[Records drawn from a dataset]
========================================
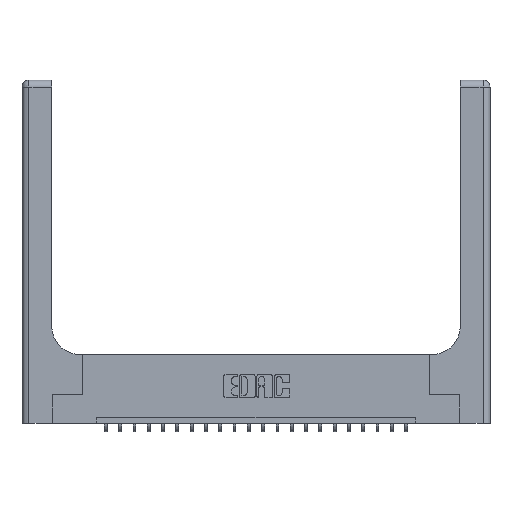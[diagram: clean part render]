
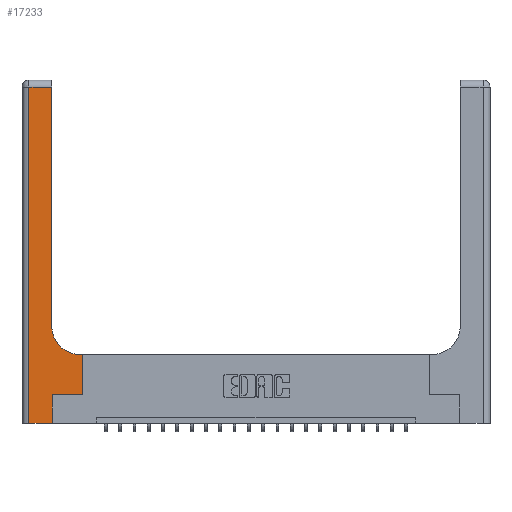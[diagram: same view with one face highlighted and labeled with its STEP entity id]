
A CAD part, top view. The second image highlights one B-rep face of the part: STEP entity #17233.
In plain terms, the highlighted planar face has unit normal (0, 0, 1).
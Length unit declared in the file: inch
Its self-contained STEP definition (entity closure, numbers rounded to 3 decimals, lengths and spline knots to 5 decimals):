
#51 = CARTESIAN_POINT ( 'NONE',  ( 0.528, 0.25, 0.37 ) ) ;
#333 = VERTEX_POINT ( 'NONE', #16738 ) ;
#1508 = EDGE_CURVE ( 'NONE', #16609, #7020, #7246, .T. ) ;
#2165 = LINE ( 'NONE', #20500, #17851 ) ;
#2182 = EDGE_CURVE ( 'NONE', #6855, #16609, #7475, .T. ) ;
#2450 = VERTEX_POINT ( 'NONE', #4069 ) ;
#2659 = VERTEX_POINT ( 'NONE', #5776 ) ;
#3085 = CARTESIAN_POINT ( 'NONE',  ( 0.26, 0.6, 0.37 ) ) ;
#3267 = ORIENTED_EDGE ( 'NONE', *, *, #1508, .T. ) ;
#3313 = VECTOR ( 'NONE', #4736, 39.37008 ) ;
#3320 = DIRECTION ( 'NONE',  ( -1., 0., 0. ) ) ;
#4069 = CARTESIAN_POINT ( 'NONE',  ( 0.06, 2.94, 0.37 ) ) ;
#4105 = EDGE_CURVE ( 'NONE', #7020, #10819, #17614, .T. ) ;
#4263 = EDGE_CURVE ( 'NONE', #333, #2450, #14498, .T. ) ;
#4544 = VERTEX_POINT ( 'NONE', #7945 ) ;
#4736 = DIRECTION ( 'NONE',  ( 0., 1., 0. ) ) ;
#4986 = DIRECTION ( 'NONE',  ( 0., 0., -1. ) ) ;
#5598 = VECTOR ( 'NONE', #15810, 39.37008 ) ;
#5776 = CARTESIAN_POINT ( 'NONE',  ( 0.265, 0., 0.37 ) ) ;
#5804 = CARTESIAN_POINT ( 'NONE',  ( 0., 0., 0.37 ) ) ;
#6043 = VECTOR ( 'NONE', #6581, 39.37008 ) ;
#6316 = AXIS2_PLACEMENT_3D ( 'NONE', #8270, #13325, #3320 ) ;
#6420 = CARTESIAN_POINT ( 'NONE',  ( 0.265, 0., 0.37 ) ) ;
#6456 = DIRECTION ( 'NONE',  ( -1., 0., 0. ) ) ;
#6581 = DIRECTION ( 'NONE',  ( 1., 0., 0. ) ) ;
#6855 = VERTEX_POINT ( 'NONE', #11605 ) ;
#7009 = LINE ( 'NONE', #17647, #19254 ) ;
#7020 = VERTEX_POINT ( 'NONE', #10257 ) ;
#7219 = LINE ( 'NONE', #6420, #3313 ) ;
#7246 = LINE ( 'NONE', #3085, #15614 ) ;
#7384 = CARTESIAN_POINT ( 'NONE',  ( 0.06, 0., 0.37 ) ) ;
#7475 = LINE ( 'NONE', #51, #20256 ) ;
#7694 = ORIENTED_EDGE ( 'NONE', *, *, #4105, .T. ) ;
#7945 = CARTESIAN_POINT ( 'NONE',  ( 0.265, 0.25, 0.37 ) ) ;
#8270 = CARTESIAN_POINT ( 'NONE',  ( 0., 3., 0.37 ) ) ;
#8719 = ORIENTED_EDGE ( 'NONE', *, *, #10718, .T. ) ;
#9773 = ORIENTED_EDGE ( 'NONE', *, *, #13992, .T. ) ;
#9945 = LINE ( 'NONE', #16595, #6043 ) ;
#10257 = CARTESIAN_POINT ( 'NONE',  ( 0.51, 0.6, 0.37 ) ) ;
#10718 = EDGE_CURVE ( 'NONE', #10819, #333, #2165, .T. ) ;
#10780 = VERTEX_POINT ( 'NONE', #7384 ) ;
#10819 = VERTEX_POINT ( 'NONE', #15797 ) ;
#11357 = ORIENTED_EDGE ( 'NONE', *, *, #18726, .T. ) ;
#11557 = AXIS2_PLACEMENT_3D ( 'NONE', #14991, #4986, #16686 ) ;
#11605 = CARTESIAN_POINT ( 'NONE',  ( 0.528, 0.25, 0.37 ) ) ;
#12216 = DIRECTION ( 'NONE',  ( 0., 1., 0. ) ) ;
#13181 = ORIENTED_EDGE ( 'NONE', *, *, #4263, .T. ) ;
#13325 = DIRECTION ( 'NONE',  ( 0., 0., -1. ) ) ;
#13371 = DIRECTION ( 'NONE',  ( 0., 1., 0. ) ) ;
#13992 = EDGE_CURVE ( 'NONE', #2450, #10780, #7009, .T. ) ;
#14382 = DIRECTION ( 'NONE',  ( 0., -1., 0. ) ) ;
#14498 = LINE ( 'NONE', #17017, #18370 ) ;
#14743 = CARTESIAN_POINT ( 'NONE',  ( 0.528, 0.6, 0.37 ) ) ;
#14991 = CARTESIAN_POINT ( 'NONE',  ( 0.51, 0.85, 0.37 ) ) ;
#15533 = LINE ( 'NONE', #5804, #5598 ) ;
#15536 = ORIENTED_EDGE ( 'NONE', *, *, #2182, .T. ) ;
#15614 = VECTOR ( 'NONE', #6456, 39.37008 ) ;
#15797 = CARTESIAN_POINT ( 'NONE',  ( 0.26, 0.85, 0.37 ) ) ;
#15810 = DIRECTION ( 'NONE',  ( 1., 0., 0. ) ) ;
#15816 = EDGE_CURVE ( 'NONE', #2659, #4544, #7219, .T. ) ;
#16595 = CARTESIAN_POINT ( 'NONE',  ( 0.265, 0.25, 0.37 ) ) ;
#16609 = VERTEX_POINT ( 'NONE', #14743 ) ;
#16686 = DIRECTION ( 'NONE',  ( 1., 0., 0. ) ) ;
#16738 = CARTESIAN_POINT ( 'NONE',  ( 0.26, 2.94, 0.37 ) ) ;
#17017 = CARTESIAN_POINT ( 'NONE',  ( 0., 2.94, 0.37 ) ) ;
#17233 = ADVANCED_FACE ( 'NONE', ( #19495 ), #21605, .F. ) ;
#17614 = CIRCLE ( 'NONE', #11557, 0.25 ) ;
#17647 = CARTESIAN_POINT ( 'NONE',  ( 0.06, 3., 0.37 ) ) ;
#17851 = VECTOR ( 'NONE', #12216, 39.37008 ) ;
#18137 = EDGE_LOOP ( 'NONE', ( #8719, #13181, #9773, #11357, #21244, #18378, #15536, #3267, #7694 ) ) ;
#18370 = VECTOR ( 'NONE', #20348, 39.37008 ) ;
#18378 = ORIENTED_EDGE ( 'NONE', *, *, #20913, .T. ) ;
#18726 = EDGE_CURVE ( 'NONE', #10780, #2659, #15533, .T. ) ;
#19254 = VECTOR ( 'NONE', #14382, 39.37008 ) ;
#19495 = FACE_OUTER_BOUND ( 'NONE', #18137, .T. ) ;
#20256 = VECTOR ( 'NONE', #13371, 39.37008 ) ;
#20348 = DIRECTION ( 'NONE',  ( -1., 0., 0. ) ) ;
#20500 = CARTESIAN_POINT ( 'NONE',  ( 0.26, 3., 0.37 ) ) ;
#20913 = EDGE_CURVE ( 'NONE', #4544, #6855, #9945, .T. ) ;
#21244 = ORIENTED_EDGE ( 'NONE', *, *, #15816, .T. ) ;
#21605 = PLANE ( 'NONE',  #6316 ) ;
========================================
YOUR INSTRUCTIONS: In the data above, which lines lie between the line with "#3313 = VECTOR ( 'NONE', #4736, 39.37008 ) ;" and the line with "#13181 = ORIENTED_EDGE", inclusive? Print those lines exactly and nothing else.

EXPECTED OUTPUT:
#3313 = VECTOR ( 'NONE', #4736, 39.37008 ) ;
#3320 = DIRECTION ( 'NONE',  ( -1., 0., 0. ) ) ;
#4069 = CARTESIAN_POINT ( 'NONE',  ( 0.06, 2.94, 0.37 ) ) ;
#4105 = EDGE_CURVE ( 'NONE', #7020, #10819, #17614, .T. ) ;
#4263 = EDGE_CURVE ( 'NONE', #333, #2450, #14498, .T. ) ;
#4544 = VERTEX_POINT ( 'NONE', #7945 ) ;
#4736 = DIRECTION ( 'NONE',  ( 0., 1., 0. ) ) ;
#4986 = DIRECTION ( 'NONE',  ( 0., 0., -1. ) ) ;
#5598 = VECTOR ( 'NONE', #15810, 39.37008 ) ;
#5776 = CARTESIAN_POINT ( 'NONE',  ( 0.265, 0., 0.37 ) ) ;
#5804 = CARTESIAN_POINT ( 'NONE',  ( 0., 0., 0.37 ) ) ;
#6043 = VECTOR ( 'NONE', #6581, 39.37008 ) ;
#6316 = AXIS2_PLACEMENT_3D ( 'NONE', #8270, #13325, #3320 ) ;
#6420 = CARTESIAN_POINT ( 'NONE',  ( 0.265, 0., 0.37 ) ) ;
#6456 = DIRECTION ( 'NONE',  ( -1., 0., 0. ) ) ;
#6581 = DIRECTION ( 'NONE',  ( 1., 0., 0. ) ) ;
#6855 = VERTEX_POINT ( 'NONE', #11605 ) ;
#7009 = LINE ( 'NONE', #17647, #19254 ) ;
#7020 = VERTEX_POINT ( 'NONE', #10257 ) ;
#7219 = LINE ( 'NONE', #6420, #3313 ) ;
#7246 = LINE ( 'NONE', #3085, #15614 ) ;
#7384 = CARTESIAN_POINT ( 'NONE',  ( 0.06, 0., 0.37 ) ) ;
#7475 = LINE ( 'NONE', #51, #20256 ) ;
#7694 = ORIENTED_EDGE ( 'NONE', *, *, #4105, .T. ) ;
#7945 = CARTESIAN_POINT ( 'NONE',  ( 0.265, 0.25, 0.37 ) ) ;
#8270 = CARTESIAN_POINT ( 'NONE',  ( 0., 3., 0.37 ) ) ;
#8719 = ORIENTED_EDGE ( 'NONE', *, *, #10718, .T. ) ;
#9773 = ORIENTED_EDGE ( 'NONE', *, *, #13992, .T. ) ;
#9945 = LINE ( 'NONE', #16595, #6043 ) ;
#10257 = CARTESIAN_POINT ( 'NONE',  ( 0.51, 0.6, 0.37 ) ) ;
#10718 = EDGE_CURVE ( 'NONE', #10819, #333, #2165, .T. ) ;
#10780 = VERTEX_POINT ( 'NONE', #7384 ) ;
#10819 = VERTEX_POINT ( 'NONE', #15797 ) ;
#11357 = ORIENTED_EDGE ( 'NONE', *, *, #18726, .T. ) ;
#11557 = AXIS2_PLACEMENT_3D ( 'NONE', #14991, #4986, #16686 ) ;
#11605 = CARTESIAN_POINT ( 'NONE',  ( 0.528, 0.25, 0.37 ) ) ;
#12216 = DIRECTION ( 'NONE',  ( 0., 1., 0. ) ) ;
#13181 = ORIENTED_EDGE ( 'NONE', *, *, #4263, .T. ) ;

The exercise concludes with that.